# TASK GOAL:
Look at each line below and tally those holding "from"; answer with that figure and nothing else.
====================
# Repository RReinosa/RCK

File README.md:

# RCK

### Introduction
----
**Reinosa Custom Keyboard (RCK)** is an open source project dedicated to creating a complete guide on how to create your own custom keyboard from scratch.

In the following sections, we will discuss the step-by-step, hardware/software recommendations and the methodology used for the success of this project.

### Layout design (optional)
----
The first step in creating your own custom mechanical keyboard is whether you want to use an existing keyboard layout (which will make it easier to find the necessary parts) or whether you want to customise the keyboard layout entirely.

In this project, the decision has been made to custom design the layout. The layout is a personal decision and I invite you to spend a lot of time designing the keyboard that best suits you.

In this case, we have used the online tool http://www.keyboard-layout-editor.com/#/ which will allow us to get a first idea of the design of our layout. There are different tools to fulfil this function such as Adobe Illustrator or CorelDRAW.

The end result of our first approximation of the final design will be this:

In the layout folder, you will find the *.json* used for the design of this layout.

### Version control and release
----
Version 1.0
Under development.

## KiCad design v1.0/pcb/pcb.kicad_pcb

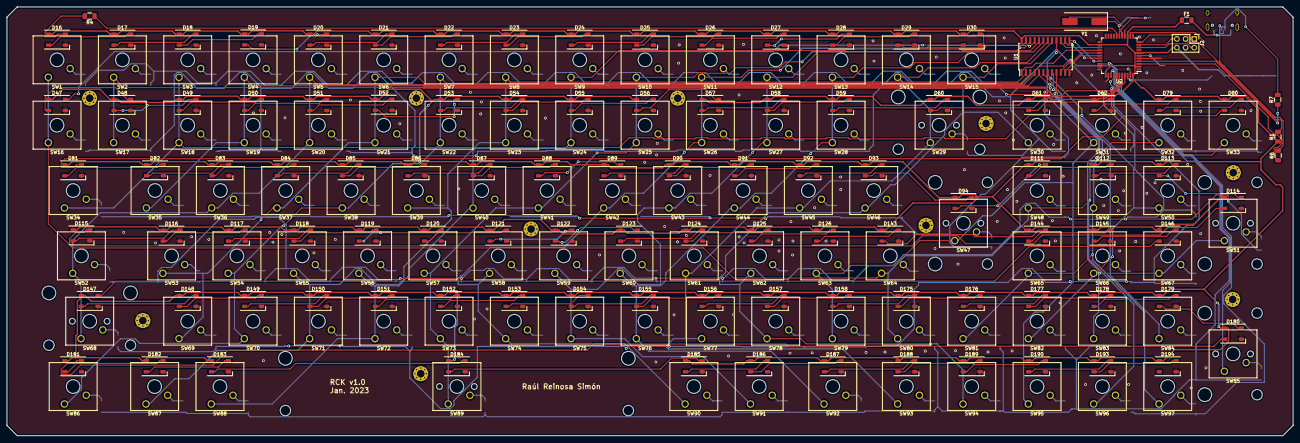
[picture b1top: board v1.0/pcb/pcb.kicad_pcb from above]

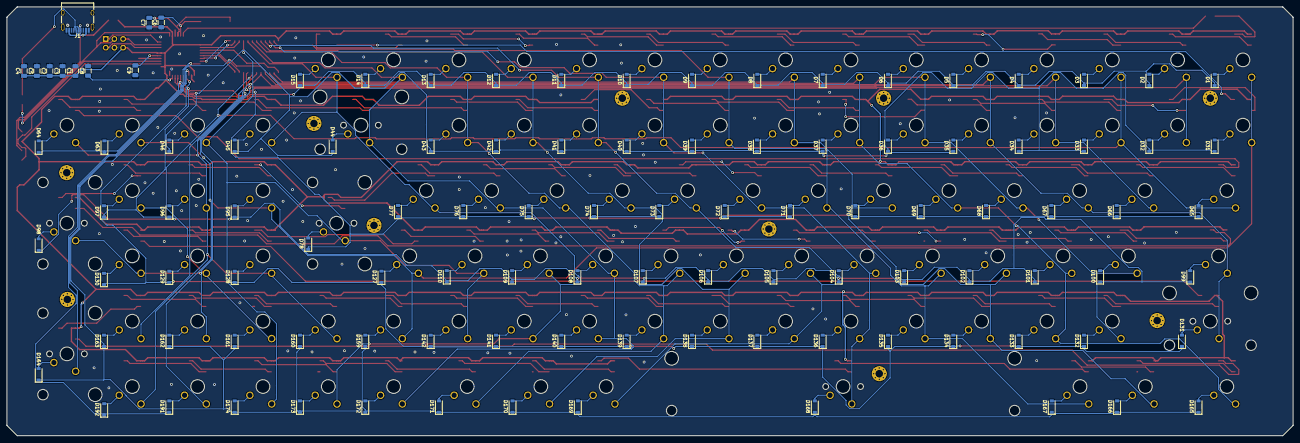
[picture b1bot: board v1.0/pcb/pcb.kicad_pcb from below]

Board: 2 copper layers, 375.0 x 125.0 mm, 320 parts (107 on the bottom side), 239 nets.

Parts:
C1, C2, C3, C5, C8: 0.1uF; C_1206_3216Metric
C4: 10uF; C_1206_3216Metric
C6, C7: 22pF; C_1206_3216Metric
C9: 1uF; C_1206_3216Metric
D1, D2, D3, D4, D5, D6, D7, D8, D9, D10, D11, D12, D13, D14, D15, D31, D32, D33, D34, D35, D36, D37, D38, D39, D40, D41, D42, D43, D44, D45, D46, D63, D64, D65, D66, D67, D68, D69, D70, D71, D72, D73, D74, D75, D76, D77, D78, D95, D96, D97, D98, D99, D100, D101, D102, D103, D104, D105, D106, D107, D108, D109, D110, D127, D128, D129, D130, D131, D132, D133, D134, D135, D136, D137, D138, D139, D140, D141, D142, D159, D160, D161, D162, D163, D164, D165, D166, D167, D168, D169, D170, D171, D172, D173, D174, D191, D192: 1N4148W; D_SOD-123
D16, D17, D18, D19, D20, D21, D22, D23, D24, D25, D26, D27, D28, D29, D30, D47, D48, D49, D50, D51, D52, D53, D54, D55, D56, D57, D58, D59, D60, D61, D62, D79, D80, D81, D82, D83, D84, D85, D86, D87, D88, D89, D90, D91, D92, D93, D94, D111, D112, D113, D114, D115, D116, D117, D118, D119, D120, D121, D122, D123, D124, D125, D126, D143, D144, D145, D146, D147, D148, D149, D150, D151, D152, D153, D154, D155, D156, D157, D158, D175, D176, D177, D178, D179, D180, D181, D182, D183, D184, D185, D186, D187, D188, D189, D190, D193, D194: SK6812; LED_SK6812_PLCC4_5.0x5.0mm_P3.2mm
F1: 500mA; Fuse_1206_3216Metric
H1, H2, H3, H4, H5, H6, H7, H8, H9, H10: MountingHole_Pad; MountingHole_2.2mm_M2_Pad_Via
J1: USB_C_Receptacle_USB2.0; USB_C_Receptacle_HRO_TYPE-C-31-M-12
J2: ISP; PinHeader_2x03_P2.54mm_Vertical
R1: 10k; R_1206_3216Metric
R4: 330; R_1206_3216Metric
R6, R7: 22; R_1206_3216Metric
SW1, SW2, SW3, SW4, SW5, SW6, SW7, SW8, SW9, SW10, SW11, SW12, SW13, SW14, SW15, SW16, SW17, SW18, SW19, SW20, SW21, SW22, SW23, SW24, SW25, SW26, SW27, SW28, SW30, SW31, SW32, SW33, SW35, SW36, SW37, SW38, SW39, SW40, SW41, SW42, SW43, SW44, SW45, SW46, SW48, SW49, SW50, SW53, SW54, SW55, SW56, SW57, SW58, SW59, SW60, SW61, SW62, SW63, SW64, SW65, SW66, SW67, SW69, SW70, SW71, SW72, SW73, SW74, SW75, SW76, SW77, SW78, SW79, SW80, SW81, SW82, SW83, SW84, SW87, SW88, SW90, SW91, SW93, SW94, SW95, SW96, SW97: SW_Push; SW_Cherry_MX_1.00u_Plate
SW29, SW68: SW_Push; SW_Cherry_MX_2.00u_PCB
SW34, SW86: SW_Push; SW_Cherry_MX_1.50u_Plate
SW47: SW_Push; SW_Cherry_MX_ISOEnter_PCB
SW51, SW85: SW_Push; SW_Cherry_MX_2.00u_Vertical_PCB
SW52: SW_Push; SW_Cherry_MX_1.75u_Plate
SW89: SW_Push; SW_Cherry_MX_6.25u_PCB
SW92: SW_Push; SW_Cherry_MX_1.25u_Plate
U1: CD74HC4067M; SOIC-24W_7.5x15.4mm_P1.27mm
U2: ATmega32U4-AU; TQFP-44_10x10mm_P0.8mm
Y1: 16MHz; Crystal_SMD_HC49-SD

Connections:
+5V: C1.1, C2.1, C3.1, C4.1, C5.1, D16.3, D17.3, D18.3, D19.3, D20.3, D21.3, D22.3, D23.3, D24.3, D25.3, D26.3, D27.3, D28.3, D29.3, D30.3, D47.3, D48.3, D49.3, D50.3, D51.3, D52.3, D53.3, D54.3, D55.3, D56.3, D57.3, D58.3, D59.3, D60.3, D61.3, D62.3, D79.3, D80.3, D81.3, D82.3, D83.3, D84.3, D85.3, D86.3, D87.3, D88.3, D89.3, D90.3, D91.3, D92.3, D93.3, D94.3, D111.3, D112.3, D113.3, D114.3, D115.3, D116.3, D117.3, D118.3, D119.3, D120.3, D121.3, D122.3, D123.3, D124.3, D125.3, D126.3, D143.3, D144.3, D145.3, D146.3, D147.3, D148.3, D149.3, D150.3, D151.3, D152.3, D153.3, D154.3, D155.3, D156.3, D157.3, D158.3, D175.3, D176.3, D177.3, D178.3, D179.3, D180.3, D181.3, D182.3, D183.3, D184.3, D185.3, D186.3, D187.3, D188.3, D189.3, D190.3, D193.3, D194.3, F1.1, J2.6, R1.1, U1.24, U2.2, U2.7, U2.14, U2.24, U2.34, U2.44
C0: SW1.1, SW16.1, SW32.1, SW48.1, SW64.1, SW80.1, SW96.1, U1.9
C1: SW2.1, SW17.1, SW33.1, SW49.1, SW65.1, SW81.1, SW97.1, U1.8
C2: SW3.1, SW18.1, SW34.1, SW50.1, SW66.1, SW82.1, U1.7
C3: SW4.1, SW19.1, SW35.1, SW51.1, SW67.1, SW83.1, U1.6
C4: SW5.1, SW20.1, SW36.1, SW52.1, SW68.1, SW84.1, U1.5
C5: SW6.1, SW21.1, SW37.1, SW53.1, SW69.1, SW85.1, U1.4
C6: SW7.1, SW22.1, SW38.1, SW54.1, SW70.1, SW86.1, U1.3
C7: SW8.1, SW23.1, SW39.1, SW55.1, SW71.1, SW87.1, U1.2
C8: SW9.1, SW24.1, SW40.1, SW56.1, SW72.1, SW88.1, U1.23
C9: SW10.1, SW25.1, SW41.1, SW57.1, SW73.1, SW89.1, U1.22
C10: SW11.1, SW26.1, SW42.1, SW58.1, SW74.1, SW90.1, U1.21
C11: SW12.1, SW27.1, SW43.1, SW59.1, SW75.1, SW91.1, U1.20
C12: SW13.1, SW28.1, SW44.1, SW60.1, SW76.1, SW92.1, U1.19
C13: SW14.1, SW29.1, SW45.1, SW61.1, SW77.1, SW93.1, U1.18
C14: SW15.1, SW30.1, SW46.1, SW62.1, SW78.1, SW94.1, U1.17
C15: SW31.1, SW47.1, SW63.1, SW79.1, SW95.1, U1.16
COM: U1.1, U2.26
D+: R7.1, U2.4
D-: R6.1, U2.3
GND: C1.2, C2.2, C3.2, C4.2, C5.2, C6.1, C7.1, C8.2, C9.1, D16.1, D17.1, D18.1, D19.1, D20.1, D21.1, D22.1, D23.1, D24.1, D25.1, D26.1, D27.1, D28.1, D29.1, D30.1, D47.1, D48.1, D49.1, D50.1, D51.1, D52.1, D53.1, D54.1, D55.1, D56.1, D57.1, D58.1, D59.1, D60.1, D61.1, D62.1, D79.1, D80.1, D81.1, D82.1, D83.1, D84.1, D85.1, D86.1, D87.1, D88.1, D89.1, D90.1, D91.1, D92.1, D93.1, D94.1, D111.1, D112.1, D113.1, D114.1, D115.1, D116.1, D117.1, D118.1, D119.1, D120.1, D121.1, D122.1, D123.1, D124.1, D125.1, D126.1, D143.1, D144.1, D145.1, D146.1, D147.1, D148.1, D149.1, D150.1, D151.1, D152.1, D153.1, D154.1, D155.1, D156.1, D157.1, D158.1, D175.1, D176.1, D177.1, D178.1, D179.1, D180.1, D181.1, D182.1, D183.1, D184.1, D185.1, D186.1, D187.1, D188.1, D189.1, D190.1, D193.1, D194.1, H1.1, H2.1, H3.1, H4.1, H5.1, H6.1, H7.1, H8.1, H9.1, H10.1, J1.A1, J1.A12, J1.B1, J1.B12, J1.S1, J2.4, U1.12, U2.5, U2.15, U2.23, U2.33, U2.35, U2.43
LED0: R4.1, U2.18
LED1: D30.4, D47.2
LED2: D62.4, D79.2
LED3: D94.4, D111.2
LED4: D126.4, D143.2
LED5: D158.4, D175.2
LED6: D190.4, D193.2
MISO: J2.1, U2.11
MOSI: J2.5, U2.10
unnamed: C6.2, U2.17, Y1.1
unnamed: C7.2, U2.16, Y1.2
unnamed: C8.1, U2.42
unnamed: C9.2, U2.6
unnamed: D1.2, SW1.2
unnamed: D2.2, SW2.2
unnamed: D3.2, SW3.2
unnamed: D4.2, SW4.2
unnamed: D5.2, SW5.2
unnamed: D6.2, SW6.2
unnamed: D7.2, SW7.2
unnamed: D8.2, SW8.2
unnamed: D9.2, SW9.2
unnamed: D10.2, SW10.2
unnamed: D11.2, SW11.2
unnamed: D12.2, SW12.2
unnamed: D13.2, SW13.2
unnamed: D14.2, SW14.2
unnamed: D15.2, SW15.2
unnamed: D16.2, R4.2
unnamed: D16.4, D17.2
unnamed: D17.4, D18.2
unnamed: D18.4, D19.2
unnamed: D19.4, D20.2
unnamed: D20.4, D21.2
unnamed: D21.4, D22.2
unnamed: D22.4, D23.2
unnamed: D23.4, D24.2
unnamed: D24.4, D25.2
unnamed: D25.4, D26.2
unnamed: D26.4, D27.2
unnamed: D27.4, D28.2
unnamed: D28.4, D29.2
unnamed: D29.4, D30.2
unnamed: D31.2, SW16.2
unnamed: D32.2, SW17.2
unnamed: D33.2, SW18.2
unnamed: D34.2, SW19.2
unnamed: D35.2, SW20.2
unnamed: D36.2, SW21.2
unnamed: D37.2, SW22.2
unnamed: D38.2, SW23.2
unnamed: D39.2, SW24.2
unnamed: D40.2, SW25.2
unnamed: D41.2, SW26.2
unnamed: D42.2, SW27.2
unnamed: D43.2, SW28.2
unnamed: D44.2, SW29.2
unnamed: D45.2, SW30.2
unnamed: D46.2, SW31.2
unnamed: D47.4, D48.2
unnamed: D48.4, D49.2
unnamed: D49.4, D50.2
unnamed: D50.4, D51.2
unnamed: D51.4, D52.2
unnamed: D52.4, D53.2
unnamed: D53.4, D54.2
unnamed: D54.4, D55.2
unnamed: D55.4, D56.2
unnamed: D56.4, D57.2
unnamed: D57.4, D58.2
unnamed: D58.4, D59.2
unnamed: D59.4, D60.2
unnamed: D60.4, D61.2
unnamed: D61.4, D62.2
unnamed: D63.2, SW32.2
unnamed: D64.2, SW33.2
unnamed: D65.2, SW34.2
unnamed: D66.2, SW35.2
unnamed: D67.2, SW36.2
unnamed: D68.2, SW37.2
unnamed: D69.2, SW38.2
unnamed: D70.2, SW39.2
unnamed: D71.2, SW40.2
unnamed: D72.2, SW41.2
unnamed: D73.2, SW42.2
unnamed: D74.2, SW43.2
unnamed: D75.2, SW44.2
unnamed: D76.2, SW45.2
unnamed: D77.2, SW46.2
unnamed: D78.2, SW47.2
unnamed: D79.4, D80.2
unnamed: D80.4, D81.2
unnamed: D81.4, D82.2
unnamed: D82.4, D83.2
unnamed: D83.4, D84.2
unnamed: D84.4, D85.2
unnamed: D85.4, D86.2
unnamed: D86.4, D87.2
unnamed: D87.4, D88.2
unnamed: D88.4, D89.2
unnamed: D89.4, D90.2
unnamed: D90.4, D91.2
unnamed: D91.4, D92.2
unnamed: D92.4, D93.2
unnamed: D93.4, D94.2
unnamed: D95.2, SW48.2
unnamed: D96.2, SW49.2
unnamed: D97.2, SW50.2
unnamed: D98.2, SW51.2
unnamed: D99.2, SW52.2
unnamed: D100.2, SW53.2
unnamed: D101.2, SW54.2
unnamed: D102.2, SW55.2
unnamed: D103.2, SW56.2
unnamed: D104.2, SW57.2
unnamed: D105.2, SW58.2
unnamed: D106.2, SW59.2
unnamed: D107.2, SW60.2
unnamed: D108.2, SW61.2
unnamed: D109.2, SW62.2
unnamed: D110.2, SW63.2
unnamed: D111.4, D112.2
unnamed: D112.4, D113.2
unnamed: D113.4, D114.2
unnamed: D114.4, D115.2
unnamed: D115.4, D116.2
unnamed: D116.4, D117.2
unnamed: D117.4, D118.2
unnamed: D118.4, D119.2
unnamed: D119.4, D120.2
unnamed: D120.4, D121.2
unnamed: D121.4, D122.2
unnamed: D122.4, D123.2
unnamed: D123.4, D124.2
unnamed: D124.4, D125.2
unnamed: D125.4, D126.2
unnamed: D127.2, SW64.2
unnamed: D128.2, SW65.2
unnamed: D129.2, SW66.2
unnamed: D130.2, SW67.2
unnamed: D131.2, SW68.2
unnamed: D132.2, SW69.2
unnamed: D133.2, SW70.2
unnamed: D134.2, SW71.2
unnamed: D135.2, SW72.2
unnamed: D136.2, SW73.2
unnamed: D137.2, SW74.2
unnamed: D138.2, SW75.2
unnamed: D139.2, SW76.2
unnamed: D140.2, SW77.2
unnamed: D141.2, SW78.2
unnamed: D142.2, SW79.2
unnamed: D143.4, D144.2
unnamed: D144.4, D145.2
unnamed: D145.4, D146.2
unnamed: D146.4, D147.2
unnamed: D147.4, D148.2
unnamed: D148.4, D149.2
unnamed: D149.4, D150.2
unnamed: D150.4, D151.2
unnamed: D151.4, D152.2
unnamed: D152.4, D153.2
unnamed: D153.4, D154.2
unnamed: D154.4, D155.2
unnamed: D155.4, D156.2
unnamed: D156.4, D157.2
unnamed: D157.4, D158.2
unnamed: D159.2, SW80.2
unnamed: D160.2, SW81.2
unnamed: D161.2, SW82.2
unnamed: D162.2, SW83.2
unnamed: D163.2, SW84.2
unnamed: D164.2, SW85.2
unnamed: D165.2, SW86.2
unnamed: D166.2, SW87.2
unnamed: D167.2, SW88.2
unnamed: D168.2, SW89.2
unnamed: D169.2, SW90.2
unnamed: D170.2, SW91.2
unnamed: D171.2, SW92.2
unnamed: D172.2, SW93.2
unnamed: D173.2, SW94.2
unnamed: D174.2, SW95.2
unnamed: D175.4, D176.2
unnamed: D176.4, D177.2
unnamed: D177.4, D178.2
unnamed: D178.4, D179.2
unnamed: D179.4, D180.2
unnamed: D180.4, D181.2
unnamed: D181.4, D182.2
unnamed: D182.4, D183.2
unnamed: D183.4, D184.2
unnamed: D184.4, D185.2
unnamed: D185.4, D186.2
unnamed: D186.4, D187.2
unnamed: D187.4, D188.2
unnamed: D188.4, D189.2
unnamed: D189.4, D190.2
unnamed: D191.2, SW96.2
unnamed: D192.2, SW97.2
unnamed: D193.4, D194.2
====================
# RESULT:
3